Welcome to Mexico, maybe they are shipping it to the wineries in the Guadalupe Valley ..........
Did you contact your local water department?


----------



## Zorro2017 (Jan 9, 2017)

Believe it or not I once went without rum for an entire day and night because of the elections, you can't buy booze in some parts of Mexico during election day or in a hurricane. You will learn to stock up on the essentials. A tinaco is a good investment and stay three bottles of rum or your particular poison along with the mix. Tequila is good as it does not require any additions. I suggest Cazadores, a bag of limes and some salt.

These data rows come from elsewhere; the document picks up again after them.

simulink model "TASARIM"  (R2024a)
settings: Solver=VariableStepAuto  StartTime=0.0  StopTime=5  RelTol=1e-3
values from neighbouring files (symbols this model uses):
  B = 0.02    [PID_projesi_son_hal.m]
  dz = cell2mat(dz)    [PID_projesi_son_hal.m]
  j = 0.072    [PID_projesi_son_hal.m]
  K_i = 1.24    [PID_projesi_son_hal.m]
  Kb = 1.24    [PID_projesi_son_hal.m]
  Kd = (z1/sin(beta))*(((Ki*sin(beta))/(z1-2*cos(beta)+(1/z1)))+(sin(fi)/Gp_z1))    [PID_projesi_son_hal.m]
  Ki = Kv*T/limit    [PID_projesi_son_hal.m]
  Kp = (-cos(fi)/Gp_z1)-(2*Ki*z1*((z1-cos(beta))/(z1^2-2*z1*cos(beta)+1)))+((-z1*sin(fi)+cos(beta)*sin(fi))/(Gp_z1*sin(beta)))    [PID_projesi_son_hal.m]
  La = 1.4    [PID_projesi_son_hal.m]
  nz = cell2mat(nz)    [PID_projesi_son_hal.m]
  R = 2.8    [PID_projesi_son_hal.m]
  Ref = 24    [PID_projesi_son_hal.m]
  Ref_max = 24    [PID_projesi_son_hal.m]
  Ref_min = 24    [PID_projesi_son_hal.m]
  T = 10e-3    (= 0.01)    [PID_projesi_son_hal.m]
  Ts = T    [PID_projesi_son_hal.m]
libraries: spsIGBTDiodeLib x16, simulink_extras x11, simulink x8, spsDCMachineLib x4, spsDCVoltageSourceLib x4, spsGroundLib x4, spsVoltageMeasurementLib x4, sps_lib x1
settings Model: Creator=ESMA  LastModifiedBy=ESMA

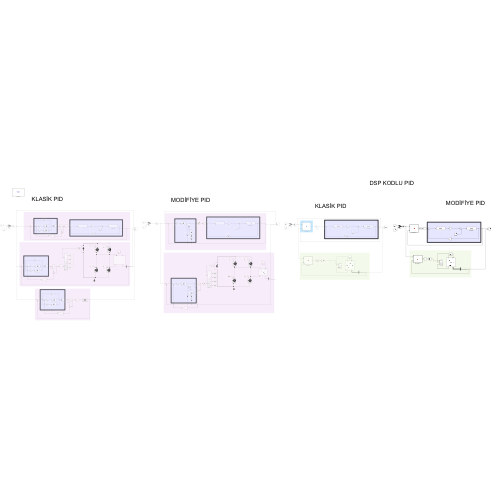
[thumbnail: Simulink's stored preview of the top-level diagram]
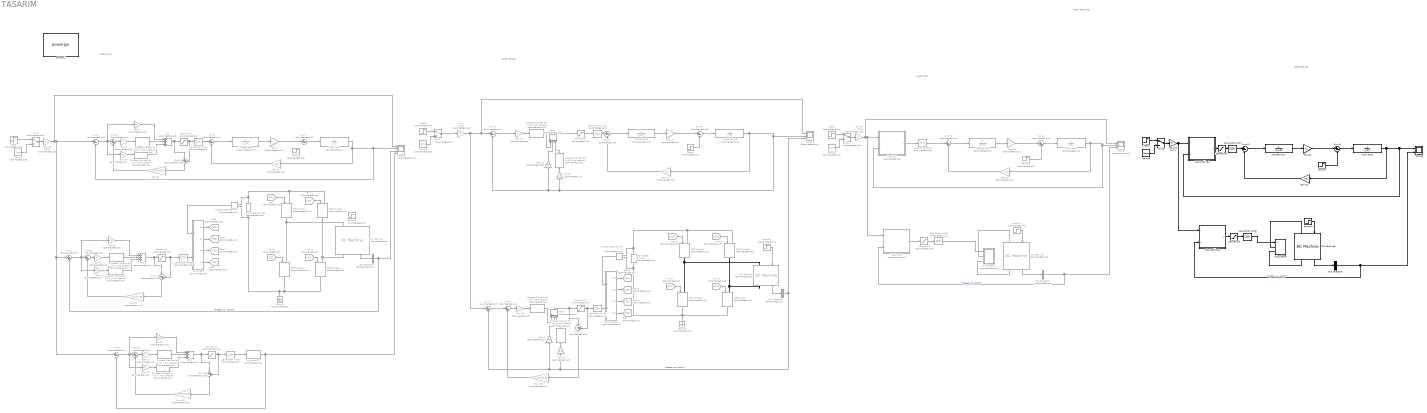
== system TASARIM ==
  note: KLASİK PID
  note: KLASİK PID
  note: MODİFİYE PID
  note: DSP KODLU PID
  note: MODİFİYE PID
  Add : Sum  Commented=on  Inputs=+++
  Add1 : Sum  Commented=on  Inputs=+--
  Add2 : Sum  Commented=on  Inputs=+++
  Add3 : Sum  Commented=on  Inputs=+--
  Add4 : Sum  Commented=on  Inputs=+++
  Bus Selector1 : BusSelector  Commented=on  OutputSignals=Speed wm (rad/s)
  Bus Selector2 : BusSelector  Commented=on  OutputSignals=Speed wm (rad/s)
  Bus Selector3 : BusSelector  OutputSignals=Speed wm (rad/s)
  Bus Selector4 : BusSelector  Commented=on  OutputSignals=Speed wm (rad/s)
  DC Machine : spsDCMachineLib/DC Machine  Commented=on  PresetModel=No  MechanicalLoad=Torque TL  FieldType=Permanent magnet  ShowDetailedParameters=on  MeasurementBus=off  RLa=[R La ]  RLf="[ 240  120]"  Laf=1.8  MachineConstant=Back-emf constant (V/rpm)  Ke=Kb*(2*pi)/60  Kt=1.8  J=j  Bm=B  Tf=0  w0=0  Ifinit=1  TsPowergui=0  TsBlock=-1
  DC Machine1 : spsDCMachineLib/DC Machine  Commented=on  PresetModel=No  MechanicalLoad=Torque TL  FieldType=Permanent magnet  ShowDetailedParameters=on  MeasurementBus=off  RLa=[R La ]  RLf="[ 240  120]"  Laf=1.8  MachineConstant=Back-emf constant (V/rpm)  Ke=Kb*(2*pi)/60  Kt=1.8  J=j  Bm=B  Tf=0  w0=0  Ifinit=1  TsPowergui=0  TsBlock=-1
  DC Machine2 : spsDCMachineLib/DC Machine  Commented=on  PresetModel=No  MechanicalLoad=Torque TL  FieldType=Permanent magnet  ShowDetailedParameters=on  MeasurementBus=off  RLa=[R La ]  RLf="[ 240  120]"  Laf=1.8  MachineConstant=Back-emf constant (V/rpm)  Ke=Kb*(2*pi)/60  Kt=1.8  J=j  Bm=B  Tf=0  w0=0  Ifinit=1  TsPowergui=0  TsBlock=-1
  DC Machine3 : spsDCMachineLib/DC Machine  PresetModel=No  MechanicalLoad=Torque TL  FieldType=Permanent magnet  ShowDetailedParameters=on  MeasurementBus=off  RLa=[R La ]  RLf="[ 240  120]"  Laf=1.8  MachineConstant=Back-emf constant (V/rpm)  Ke=Kb*(2*pi)/60  Kt=1.8  J=j  Bm=B  Tf=0  w0=0  Ifinit=1  TsPowergui=0  TsBlock=-1
  DC Voltage Source : spsDCVoltageSourceLib/DC Voltage Source  Commented=on  Amplitude=24  Measurements=None
  DC Voltage Source1 : spsDCVoltageSourceLib/DC Voltage Source  Commented=on  Amplitude=24  Measurements=None
  Discrete Transfer Fcn (with initial states){1..2,5,7,9} (5 alike) : simulink_extras/Additional Discrete/Discrete Transfer Fcn (with initial states)  Commented=on  N=[1 0]  D=[1 -1]  X0=[1]  TS=T
  Discrete Transfer Fcn (with initial states){3..4,6,8,10} (5 alike) : simulink_extras/Additional Discrete/Discrete Transfer Fcn (with initial states)  Commented=on  N=[1 -1]  D=[1 0]  X0=[1]  TS=T
  From : From  Commented=on  GotoTag=G1
  From1 : From  Commented=on  GotoTag=G3
  From2 : From  Commented=on  GotoTag=G4
  From3 : From  Commented=on  GotoTag=G2
  From4 : From  Commented=on  GotoTag=G11
  From5 : From  Commented=on  GotoTag=G31
  From6 : From  Commented=on  GotoTag=G41
  From7 : From  Commented=on  GotoTag=G21
  Gain{1,6,10,16..17} (5 alike) : Gain  Commented=on  Gain=Kd
  Gain11 : Gain  Commented=on  Gain=K_i
  Gain12 : Gain  Commented=on  Gain=Kb
  Gain{4,7..8,13,27} (5 alike) : Gain  Commented=on  Gain=Kp
  Gain{5,9,14..15,33} (5 alike) : Gain  Commented=on  Gain=Ki
  Gain{18,26,31..32} (4 alike) : Gain  Commented=on  Gain=Ki/Kd*4.35
  Gain19 : Gain  Commented=on  Gain=K_i
  Gain2 : Gain  Commented=on  Gain=K_i
  Gain20 : Gain  Commented=on  Gain=Kb
  Gain21 : Gain  Gain=K_i
  Gain22 : Gain  Gain=Kb
  Gain24 : Gain  Commented=on  Gain=18/24
  Gain25 : Gain  Gain=18/24
  Gain28 : Gain  Commented=on  Gain=18/24
  Gain3 : Gain  Commented=on  Gain=Kb
  Giriş : ManualSwitch  Commented=on
  Giriş1 : ManualSwitch  Commented=on
  Giriş2 : ManualSwitch  Commented=on
  Giriş3 : ManualSwitch
  Goto : Goto  Commented=on  GotoTag=G1
  Goto1 : Goto  Commented=on  GotoTag=G2
  Goto2 : Goto  Commented=on  GotoTag=G3
  Goto3 : Goto  Commented=on  GotoTag=G4
  Goto4 : Goto  Commented=on  GotoTag=G11
  Goto5 : Goto  Commented=on  GotoTag=G21
  Goto6 : Goto  Commented=on  GotoTag=G31
  Goto7 : Goto  Commented=on  GotoTag=G41
  Ground : spsGroundLib/Ground  Commented=on  LConnTagsString=a
  Ground1 : spsGroundLib/Ground  Commented=on  LConnTagsString=a
  IGBT/Diode{,1..7} (8 alike) : spsIGBTDiodeLib/IGBT//Diode  Commented=on  Ron=1e-6  Rs=1e5  Cs=inf  Measurements=off
  Klasik PID : MATLAB Function  Commented=on  TreatAsAtomicUnit=on
  Klasik PID1 : MATLAB Function  Commented=on  TreatAsAtomicUnit=on
  PID_Modifiye1 : MATLAB Function  TreatAsAtomicUnit=on
  PID_Modifiye2 : MATLAB Function  TreatAsAtomicUnit=on
  Ramp1 : simulink/Sources/Ramp  Commented=on  slope=Ref  start=0  InitialOutput=0
  Ramp2 : simulink/Sources/Ramp  Commented=on  slope=Ref  start=0  InitialOutput=0
  Ramp3 : simulink/Sources/Ramp  slope=Ref  start=0  InitialOutput=0
  Ramp4 : simulink/Sources/Ramp  Commented=on  slope=Ref  start=0  InitialOutput=0
  Saturation{1,3..4,7..9} (6 alike) : Saturate  Commented=on  UpperLimit=Ref  LowerLimit=-Ref
  Saturation5 : Saturate  UpperLimit=Ref  LowerLimit=-Ref
  Saturation6 : Saturate  UpperLimit=Ref  LowerLimit=-Ref
  Scope : Scope  Commented=on  NumInputPorts=3
  Scope1 : Scope  NumInputPorts=2
  Scope3 : Scope  Commented=on  NumInputPorts=3
  Scope4 : Scope  Commented=on  NumInputPorts=4
  Step1 : Step  Commented=on  Time=0  After=Ref  SampleTime=0
  Step2 : Step  Commented=on  Time=0  After=Ref  SampleTime=0
  Step3 : Step  Commented=on  Time=0  After=Ref  SampleTime=0
  Step4 : Step  Time=0  After=Ref  SampleTime=0
  Step5 : Step  Commented=on  Time=0  After=0  SampleTime=0
  Subsystem : Subsystem  Commented=on
  Subsystem1 : Subsystem  Commented=on
  Subsystem2 : Subsystem
  Subsystem3 : Subsystem  Commented=on
  Sum{1..5,7..9,11,13..14} (11 alike) : Sum  Commented=on  Inputs=|+-
  Sum{12,17,19,21} (4 alike) : Sum  Commented=on  Inputs=|-+
  Sum15 : Sum  Inputs=|+-
  Sum16 : Sum  Inputs=|+-
  Sum{6,18,20,22} (4 alike) : Sum  Commented=on  Inputs=|++
  Transfer Fcn1 : TransferFcn  Commented=on  Denominator=[La R]
  Transfer Fcn2 : TransferFcn  Denominator=[La R]
  Transfer Fcn3 : TransferFcn  Commented=on  Denominator=[La R]
  Transfer Fcn6 : TransferFcn  Commented=on  Denominator=[La R]
  Voltage Measurement : spsVoltageMeasurementLib/Voltage Measurement  Commented=on  PhasorSimulation=off  OutputType=Complex  PSBequivalent=0
  Voltage Measurement1 : spsVoltageMeasurementLib/Voltage Measurement  Commented=on  PhasorSimulation=off  OutputType=Complex  PSBequivalent=0
  Zero-Order Hold{1..6,9} (7 alike) : ZeroOrderHold  Commented=on  SampleTime=T
  Zero-Order Hold7 : ZeroOrderHold  SampleTime=T
  Zero-Order Hold8 : ZeroOrderHold  SampleTime=T
  bozucu{,1..3,5} (5 alike) : Step  Commented=on  Time=0  After=0  SampleTime=0
  bozucu4 : Step  Time=0  After=0  SampleTime=0
  bozucu6 : Step  Time=0  After=0  SampleTime=0
  giriş : Gain  Commented=on  Gain=18/24
  klasik PID : TransferFcn  Commented=on  Denominator=[j B]
  klasik PID1 : TransferFcn  Commented=on  Denominator=[j B]
  klasik PID2 : TransferFcn  Denominator=[j B]
  modifiyeli PID : TransferFcn  Commented=on  Denominator=[j B]
  powergui : sps_lib/powergui  Priority=1  SimulationMode=Discrete  SampleTime=1e-6  frequency=60  Iterations=50  frequencyindice=0  Pbase=100e6  ErrMax=1e-4  UnitsV=kV  UnitsW=MW  buscounter=0  FunctionMessages=off  echomessages=off  EnableUseOfTLC=off  CurrentSourceSwitches=off  DisableSnubberDevices=off  DisableRonSwitches=off  DisableVfSwitches=off  DisplayEquations=off  AutomaticDiscreteSolvers=off  SolverType=Tustin/Backward Euler (TBE)  Interpol=off  ExternalGateDelay=off  methode=off  Ts=100  x0status=blocks  SPID=on  SwTol=0  HookPort=off  NonlinearTolerance=1e-4  nMaxIteration=100  ContinueOnMaxIteration=off  RestoreLinks=warning  ResistiveCurrentMeasurement=off  Frange=[0:2:500]  Ylog=off  Xlog=on  ShowGrid=off  save=off  variable=ZData  structure=0  ZoomFFT=off  StartTime=0.0  cycles=1  DisplayStyle=1  fundamental=60  FreqAxis=off  MaxFrequency=1000  frequencyindicesteady=1  RmsSteady=1  display=off
  z_domeniTF : simulink_extras/Additional Discrete/Discrete Transfer Fcn (with initial states)  Commented=on  N=[nz]  D=[dz]  X0=[0]  TS=T
  wires:
  klasik PID/1 -> Gain3/1, Scope4/2, Sum2/2
  Gain7/1 -> Add/1
  Gain9/1 -> Discrete Transfer Fcn (with initial states)2/1
  Step2/1 -> Giriş/1
  Sum3/1 -> Transfer Fcn6/1
  Discrete Transfer Fcn (with initial states)3/1 -> Add/3
  Sum2/1 -> Gain7/1, Gain10/1, Sum20/1
  Sum7/1 -> klasik PID/1
  Gain10/1 -> Discrete Transfer Fcn (with initial states)3/1
  Transfer Fcn6/1 -> Gain2/1
  Ramp1/1 -> Giriş/2
  Gain2/1 -> Sum7/1
  Discrete Transfer Fcn (with initial states)2/1 -> Add/2
  Gain3/1 -> Sum3/2
  Discrete Transfer Fcn (with initial states)5/1 -> Add2/2
  Gain1/1 -> Discrete Transfer Fcn (with initial states)6/1
  Discrete Transfer Fcn (with initial states)6/1 -> Add2/3
  Gain4/1 -> Add2/1
  Gain5/1 -> Discrete Transfer Fcn (with initial states)5/1
  Sum1/1 -> Sum18/1, Gain1/1, Gain4/1
  Zero-Order Hold1/1 -> Sum3/1
  Sum11/1 -> modifiyeli PID/1
  Zero-Order Hold6/1 -> Subsystem3/1(uconT)
  bozucu5/1 -> DC Machine2/1
  DC Machine2/1 -> Bus Selector2/1
  Saturation1/1 -> Zero-Order Hold5/1, Sum12/2
  PID_Modifiye2/1(u) -> Saturation6/1
  Zero-Order Hold8/1 -> Subsystem2/1(uconT)
  Ramp2/1 -> Giriş2/2
  Gain8/1 -> Add3/2
  Gain22/1 -> Sum15/2
  Saturation6/1 -> Zero-Order Hold8/1
  Gain16/1 -> Discrete Transfer Fcn (with initial states)8/1
  bozucu2/1 -> DC Machine1/1
  Gain11/1 -> Sum11/1
  Subsystem1/1(G1) -> Goto4/1
  Gain15/1 -> Discrete Transfer Fcn (with initial states)7/1
  Step5/1 -> Sum11/2
  Zero-Order Hold5/1 -> Subsystem1/2(uconT)
  bozucu3/1 -> Sum14/2
  Zero-Order Hold4/1 -> Sum13/1
  Subsystem1/2(G2) -> Goto5/1
  Transfer Fcn1/1 -> Gain19/1
  Sum12/1 -> Gain18/1
  Subsystem1/4(G4) -> Goto7/1
  Gain14/1 -> Discrete Transfer Fcn (with initial states)1/1
  Sum4/1 -> Sum6/1
  Discrete Transfer Fcn (with initial states)8/1 -> Add3/3
  Gain25/1 -> PID_Modifiye2/1(r), PID_Modifiye1/1(r)
  Discrete Transfer Fcn (with initial states)1/1 -> Add1/1
  Ramp3/1 -> Giriş3/2
  PID_Modifiye1/1(u) -> Saturation5/1
  Transfer Fcn3/1 -> Gain11/1
  Discrete Transfer Fcn (with initial states)7/1 -> Add3/1
  Saturation3/1 -> Zero-Order Hold6/1
  Gain19/1 -> Sum14/1
  Sum16/1 -> klasik PID2/1
  Sum15/1 -> Transfer Fcn2/1
  Discrete Transfer Fcn (with initial states)4/1 -> Add1/3
  DC Machine1/1 -> Bus Selector1/1
  Gain6/1 -> Discrete Transfer Fcn (with initial states)4/1
  klasik PID2/1 -> Scope1/1, PID_Modifiye1/2(c), Gain22/1
  From5/1 -> IGBT/Diode5/1
  Zero-Order Hold2/1 -> Sum9/1
  Gain21/1 -> Sum16/1
  Zero-Order Hold7/1 -> Sum15/1
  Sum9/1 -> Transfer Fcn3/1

This will get you through the days of no water to bathe in with a smile.


----------



## ElPocho (Aug 25, 2017)

Zorro2017 said:


> Believe it or not I once went without rum for an entire day and night because of the elections, you can't buy booze in some parts of Mexico during election day or in a hurricane. You will learn to stock up on the essentials. A tinaco is a good investment and stay three bottles of rum or your particular poison along with the mix. Tequila is good as it does not require any additions. I suggest Cazadores, a bag of limes and some salt. This will get you through the days of no water to bathe in with a smile.


A tinaco is a water storage tank. The longer the disruptions the bigger the tinaco... They also have cisternas which are underground.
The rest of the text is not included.